O Parlamento Europeu optou por interromper as discussões sobre o tratado comercial entre a União Europeia e os Estados Unidos em repúdio às demandas do presidente norte-americano, Donald Trump, de comprar a Groenlândia e às ameaças de taxas sobre os parceiros europeus que se opuserem a seu plano.
Os representantes da UE têm examinado propostas legislativas para eliminar várias tarifas de importação da UE sobre mercadorias dos EUA, um aspecto fundamental do acordo assinado em Turnberry, Escócia, no fim de julho, além de manter tarifas zeradas para lagostas dos EUA, previamente acordadas com Trump em 2020. As sugestões carecem de aprovação tanto do Parlamento quanto dos governos da UE.
Diversos legisladores criticaram a falta de equilíbrio do tratado comercial, já que a UE teria que diminuir a maioria das tarifas de importação, ao passo que os EUA manteriam uma taxa abrangente de 15%. Contudo, eles pareciam inclinados a aceitá-lo, embora mediante condições, como uma cláusula de validade de 18 meses e medidas para lidar com possíveis aumentos de importações dos EUA.

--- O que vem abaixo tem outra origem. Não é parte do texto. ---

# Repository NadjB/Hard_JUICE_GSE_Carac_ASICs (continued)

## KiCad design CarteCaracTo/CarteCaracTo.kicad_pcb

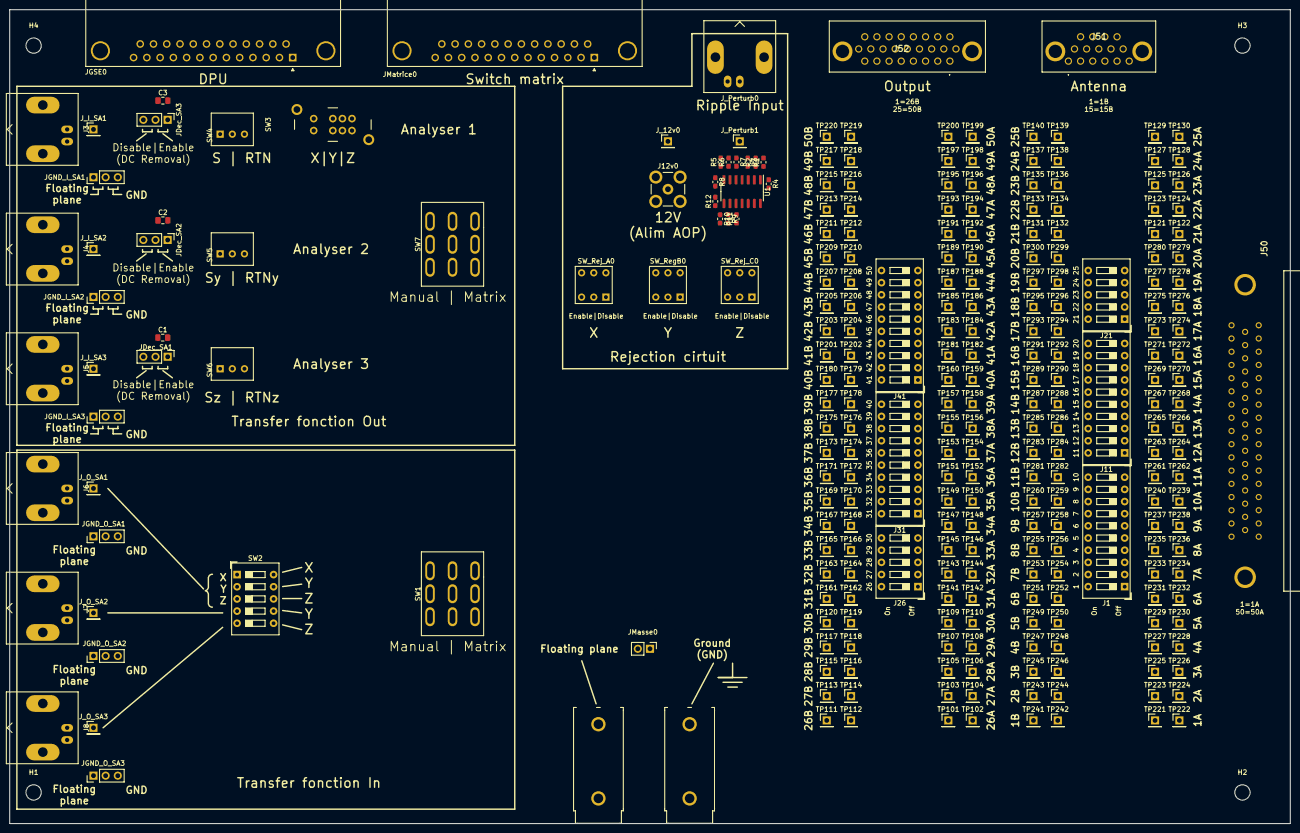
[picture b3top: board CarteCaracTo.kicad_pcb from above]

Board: 6 copper layers, 267.5 x 170.0 mm, 269 parts (0 on the bottom side), 129 nets, no tracks yet.

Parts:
C1, C2, C3: C; C_0805_2012Metric_Pad1.15x1.40mm_HandSolder
H1, H2, H3, H4: MountingHole; MountingHole_3.2mm_M3
J1, J11, J31, J41: Conn_02x10_Counter_Clockwise; SW_DIP_SPSTx10_Slide_9.78x27.58mm_W7.62mm_P2.54mm
J3, J4, J5, J6, J7, J8: Conn_Coaxial; BNC_Amphenol_B6252HB-NPP3G-50_Horizontal
J12v0: Conn_Coaxial; SMB_Jack_Vertical
J21, J26: Conn_02x05_Counter_Clockwise; SW_DIP_SPSTx05_Slide_9.78x14.88mm_W7.62mm_P2.54mm
J50: Sub-D50_F; DD50S564TLF
J51: DB15_Male_MountingHoles; DCCM15PCBRPN
J52: DB25_Female_MountingHoles; DCCM25SCBRPN
JDec_SA1, JDec_SA2, JDec_SA3: Conn_01x03; PinHeader_1x03_P2.54mm_Vertical
JGND_I_SA1, JGND_I_SA2, JGND_I_SA3: Conn_01x03; PinHeader_1x03_P2.54mm_Vertical
JGND_O_SA1, JGND_O_SA2, JGND_O_SA3: Conn_01x03; PinHeader_1x03_P2.54mm_Vertical
JGSE0: DB25_Male_MountingHoles; DSUB-25_Male_Horizontal_P2.77x2.84mm_EdgePinOffset9.90mm_Ho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
JMasse0: Conn_01x02; PinHeader_1x02_P2.54mm_Vertical
JMatrice0: DB25_Male_MountingHoles; DSUB-25_Male_Horizontal_P2.77x2.84mm_EdgePinOffset9.90mm_Ho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
J_12v0: Conn_01x01; PinHeader_1x01_P2.54mm_Vertical
J_I_SA1, J_I_SA2, J_I_SA3: Conn_01x01; PinHeader_1x01_P2.54mm_Vertical
J_O_SA1, J_O_SA2, J_O_SA3: Conn_01x01; PinHeader_1x01_P2.54mm_Vertical
J_Perturb0: Conn_Coaxial; BNC_Amphenol_B6252HB-NPP3G-50_Horizontal
J_Perturb1: Conn_01x01; PinHeader_1x01_P2.54mm_Vertical
R1, R2, R3, R4, R5, R6, R7, R8, R9, R10, R11, R12: R; R_0603_1608Metric_Pad1.05x0.95mm_HandSolder
SW1, SW7: SW_3PDT; SW_3PDT_M2032TNW01_NKK
SW2: SW_DIP_x05; SW_DIP_SPSTx05_Slide_9.78x14.88mm_W7.62mm_P2.54mm
SW3: SW_Slide_DP3T; Switch_DP3T_Slide_MHS233K
SW4, SW5, SW6: SW_SPDT; SW_SPDT_B12AP_NKK
SW_RegB0: SW_Push_DPDT; SW_DPDT_B22AP_NKK
SW_Rej_A0: SW_Push_DPDT; SW_DPDT_B22AP_NKK
SW_Rej_C0: SW_Push_DPDT; SW_DPDT_B22AP_NKK
TP101, TP102, TP103, TP104, TP105, TP106, TP107, TP108, TP109, TP110, TP111, TP112, TP113, TP114, TP115, TP116, TP117, TP118, TP119, TP120, TP121, TP122, TP123, TP124, TP125, TP126, TP127, TP128, TP129, TP130, TP131, TP132, TP133, TP134, TP135, TP136, TP137, TP138, TP139, TP140, TP141, TP142, TP143, TP144, TP145, TP146, TP147, TP148, TP149, TP150, TP151, TP152, TP153, TP154, TP155, TP156, TP157, TP158, TP159, TP160, TP161, TP162, TP163, TP164, TP165, TP166, TP167, TP168, TP169, TP170, TP171, TP172, TP173, TP174, TP175, TP176, TP177, TP178, TP179, TP180, TP181, TP182, TP183, TP184, TP185, TP186, TP187, TP188, TP189, TP190, TP191, TP192, TP193, TP194, TP195, TP196, TP197, TP198, TP199, TP200, TP201, TP202, TP203, TP204, TP205, TP206, TP207, TP208, TP209, TP210, TP211, TP212, TP213, TP214, TP215, TP216, TP217, TP218, TP219, TP220, TP221, TP222, TP223, TP224, TP225, TP226, TP227, TP228, TP229, TP230, TP231, TP232, TP233, TP234, TP235, TP236, TP237, TP238, TP239, TP240, TP241, TP242, TP243, TP244, TP245, TP246, TP247, TP248, TP249, TP250, TP251, TP252, TP253, TP254, TP255, TP256, TP257, TP258, TP259, TP260, TP261, TP262, TP263, TP264, TP265, TP266, TP267, TP268, TP269, TP270, TP271, TP272, TP273, TP274, TP275, TP276, TP277, TP278, TP279, TP280, TP281, TP282, TP283, TP284, TP285, TP286, TP287, TP288, TP289, TP290, TP291, TP292, TP293, TP294, TP295, TP296, TP297, TP298, TP299, TP300: TestPoint; PinHeader_1x01_P2.54mm_Vertical
TPGND0: TestPoint; Banana_test_point_4mm
TPV0: TestPoint; Banana_test_point_4mm
U1: OPA4376; SOIC-14_3.9x8.7mm_P1.27mm

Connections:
/1: J1.1, J50.1, JMatrice0.1, SW2.10, TP221.1, TP222.1
/01-10/1b-10b/sheet61AD0B7F/TPs: TP257.1, TP258.1
/01-10/sheet61ADBB5A/sheet61AD0B7F/TPs: TP237.1, TP238.1
/2: J1.2, J50.2, TP223.1, TP224.1
/3: J1.3, J50.3, JMatrice0.3, SW2.7, SW2.9, TP225.1, TP226.1
/4: J1.4, J50.4, TP227.1, TP228.1
/5: J1.5, J50.5, JMatrice0.5, SW2.6, SW2.8, TP229.1, TP230.1
/6: J1.6, J50.6, TP231.1, TP232.1
/9: J1.9, J50.9, JGSE0.3
/11: J11.1, J50.11, JGSE0.6, TP261.1, TP262.1
/11-20/1b-10b/sheet61AD0B7F/TPs: TP297.1, TP298.1
/11-20/sheet61ADBB5A/sheet61AD0B7F/TPs: TP277.1, TP278.1
/13: J11.3, J50.13, JGSE0.9, TP265.1, TP266.1
/16: J11.6, J50.16, TP271.1, TP272.1
/17: J11.7, J50.17, TP273.1, TP274.1
/18: J11.8, J50.18, TP275.1, TP276.1
/19: J11.9, J50.19, JGSE0.10
/20: J11.10, J50.20, JGSE0.11, TP279.1, TP280.1
/21: J21.1, J50.21, JGSE0.12, TP121.1, TP122.1
/22: J21.2, J50.22, JGSE0.14, TP123.1, TP124.1
/23: J21.3, J50.23, JGSE0.15, TP125.1, TP126.1
/24: J21.4, J50.24, JGSE0.16, TP127.1, TP128.1
/25: J21.5, J50.25, TP129.1, TP130.1
/26: J26.1, J50.26, JGSE0.2, JMatrice0.8, SW3.5, TP101.1, TP102.1
/27: J26.2, J50.27, JGSE0.1, JMatrice0.2, SW3.1, TP103.1, TP104.1
/29: J26.4, J50.29, JGSE0.7, JMatrice0.6, SW3.4, SW6.1, TP107.1, TP108.1
/30: J26.5, J50.30, JGSE0.8, JMatrice0.12, SW3.8, SW6.3, TP109.1, TP110.1
/31: J1.8, J31.1, J50.8, J50.31, TP141.1, TP142.1, TP235.1, TP236.1
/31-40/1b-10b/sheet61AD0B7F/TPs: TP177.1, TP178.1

A votação para estabelecer a posição do Comitê de Comércio do Parlamento Europeu, programada para os dias 26 e 27 de janeiro, acabou sendo adiada.
O presidente do comitê, Bernd Lange, comunicou em uma entrevista coletiva nesta quarta-feira que as novas ameaças tarifárias tinham quebrado o pacto de Turnberry, declarando que este seria suspenso por tempo indeterminado.
Todavia, a suspensão do acordo pode desagradar a Trump, o que poderia acarretar em tarifas mais elevadas pelos EUA. O governo Trump também rejeitou quaisquer concessões, como a diminuição de tarifas sobre bebidas alcoólicas ou aço, até que o acordo esteja em vigor.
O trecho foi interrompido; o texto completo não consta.